SampleSize.Poisson: Sample size calculation for continuous sequential analysis with Poisson data.

SampleSize_by_RR_Power

A table containing the main performance measures associated to the required samples sizes, expressed in terms of the expected number of events under the null hypothesis, for each combination of RR and power.

When using the MaxSPRT and the CV.Poisson function to conduct continuous sequential analysis for Poisson data, the null hypothesis is rejected when the log likelihood ratio exceeds the pre-determined critical value calculated by CV.Poisson. The sequential analysis ends without rejecting the null hypothesis when a predetermined upper limit on the sample size is reached, expressed in terms of the expected number of events under the null hypothesis. For example, the sequential analysis may end as soon as the sample size is such that there are 50 expected events under the null.

The default in the function SampleSize.Poisson is for calculating the upper limit on the sample size (length of surveillance) required for the continuous Poisson based MaxSPRT (alphaSpend="n") to achieve the desired statistical power for a pre-specified relative risk RR. The solution is exact using iterative numerical calculations (Kulldorff et al., (2011).
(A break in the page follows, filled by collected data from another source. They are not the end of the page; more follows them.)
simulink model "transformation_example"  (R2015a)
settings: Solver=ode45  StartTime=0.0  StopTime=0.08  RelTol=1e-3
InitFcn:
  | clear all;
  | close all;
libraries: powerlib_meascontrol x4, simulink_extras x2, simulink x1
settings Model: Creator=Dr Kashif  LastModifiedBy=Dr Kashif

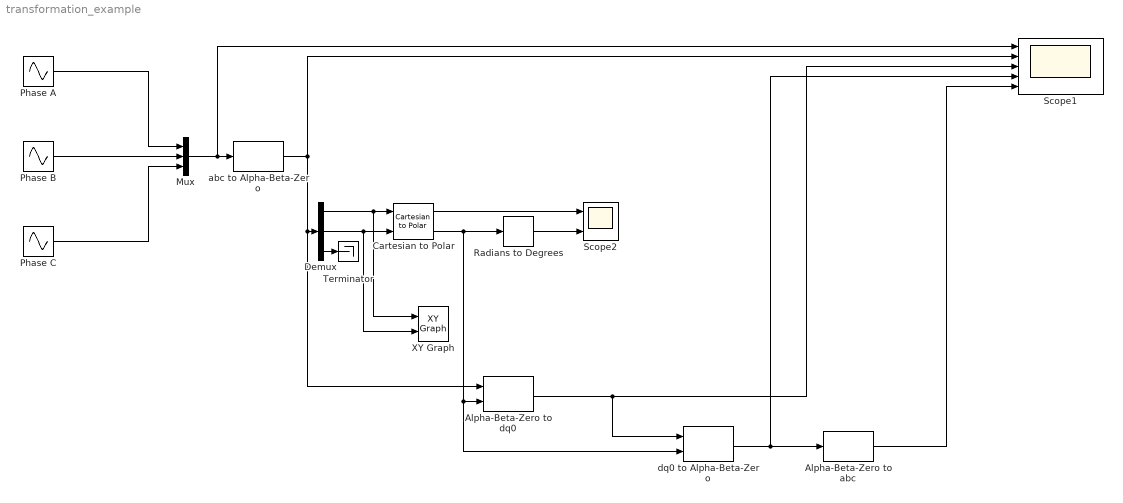
== system transformation_example ==
  Alpha-Beta-Zero to abc : powerlib_meascontrol/Transformations/Alpha-Beta-Zero to abc
  Alpha-Beta-Zero to dq0 : powerlib_meascontrol/Transformations/Alpha-Beta-Zero to dq0  Alignment=Aligned with phase A axis
  Cartesian to Polar : simulink_extras/Transformations/Cartesian to Polar
  Demux : Demux  Outputs=3
  Mux : Mux  Inputs=3
  Phase A : Sin  Frequency=50*2*pi  SampleTime=0
  Phase B : Sin  Frequency=50*2*pi  Phase=4*pi/3  SampleTime=0
  Phase C : Sin  Frequency=50*2*pi  Phase=2*pi/3  SampleTime=0
  Radians to Degrees : simulink_extras/Transformations/Radians to Degrees
  Scope1 : Scope  NumInputPorts=5
      settings: TimeRange=0.04  YMin=-1~-1.25~-0.25~-1.25~-1  YMax=1~1.25~1.25~1.25~1  SampleInput=on  SampleTime=10e-6
  Scope2 : Scope  NumInputPorts=2
      settings: TimeRange=0.04  YMin=0.95~-200  YMax=1.05~200  SampleInput=on  SampleTime=10e-6
  Terminator : Terminator
  XY Graph : simulink/Sinks/XY Graph  xmin=-1  xmax=1  ymin=-1  ymax=1  st=-1
  abc to Alpha-Beta-Zero : powerlib_meascontrol/Transformations/abc to Alpha-Beta-Zero
  dq0 to Alpha-Beta-Zero : powerlib_meascontrol/Transformations/dq0 to Alpha-Beta-Zero  Alignment=Aligned with phase A axis
  wires:
  Phase A/1 -> Mux/1
  Phase B/1 -> Mux/2
  Phase C/1 -> Mux/3
  abc to Alpha-Beta-Zero/1 -> Alpha-Beta-Zero to dq0/1, Demux/1, Scope1/2
  Mux/1 -> Scope1/1, abc to Alpha-Beta-Zero/1
  Demux/1 -> XY Graph/1, Cartesian to Polar/1
  Demux/2 -> XY Graph/2, Cartesian to Polar/2
  Cartesian to Polar/1 -> Scope2/1
  Cartesian to Polar/2 -> dq0 to Alpha-Beta-Zero/2, Alpha-Beta-Zero to dq0/2, Radians to Degrees/1
  Radians to Degrees/1 -> Scope2/2
  Alpha-Beta-Zero to dq0/1 -> dq0 to Alpha-Beta-Zero/1, Scope1/3
  Demux/3 -> Terminator/1
  dq0 to Alpha-Beta-Zero/1 -> Alpha-Beta-Zero to abc/1, Scope1/4
  Alpha-Beta-Zero to abc/1 -> Scope1/5

While designed for continuous sequential analysis with flat threshold in the scale of the MaxSPRT statistic, the SampleSize.Poisson function can also be used to approximate the required upper limit on the sample size that is needed when doing group sequential analysis for Poisson data, using the CV.G.Poisson function.

There is also the possibility to calculate the sample size for an user-defined alpha spending plan. This is possible with the input parameter alphaSpend. The user can select among one of the four classical alpha spending shapes bellow:
\(F_{1}(t)=\alpha t^{\rho}\), where \(\rho>0\),
\(F_{2}(t)=2-2\Phi(x_{\alpha}\sqrt{t^{-1}})\), where \(x_{\alpha}=\Phi^{-1}(1-\alpha/2)\),
\(F_{3}(t)= \alpha \times log(1+[exp{1}-1]\times t) \),
\(F_{4}(t)=\alpha[1-exp(-t\gamma)]/[1-exp(-\gamma)]\) with \(\gamma \in \Re\),
and \(t\) represents a fraction of the maximum length of surveillance.

To select one of the four alpha spending types above, and using an integer \(i\) to indicate the type among \(i=\) 1, 2, 3, and 4, for \(F_{1}(t)\), \(F_{2}(t)\), \(F_{3}(t)\) and \(F_{4}(t)\), respectively, one needs to set alphaSpend=i. Specifically for alphaSpend=1, it is necessary to choose a rho value, or a gamma value if alphaSpend=4 is used.

For more details on these alpha spending choices, see the paper by Silva et al. (2021), Section 2.7.

When one sets alphaSpend=i, the threshold impplied by the correspondent alpha spending is calculated. The function delivers the threshold in the scale of a test statistic selected by the user with the input Statistic among the classic methods: MaxSPRT (Kulldorf et al., 2011), Pocock (Pocock, 1977), OBrien-Fleming (O'Brien and Fleming, 1979), or Wang-Tsiatis (Jennison and Turnbull, 2000). For Statistic="Wang-Tsiatis", the user has to choose a number in the (0, 0.5] interval for Delta.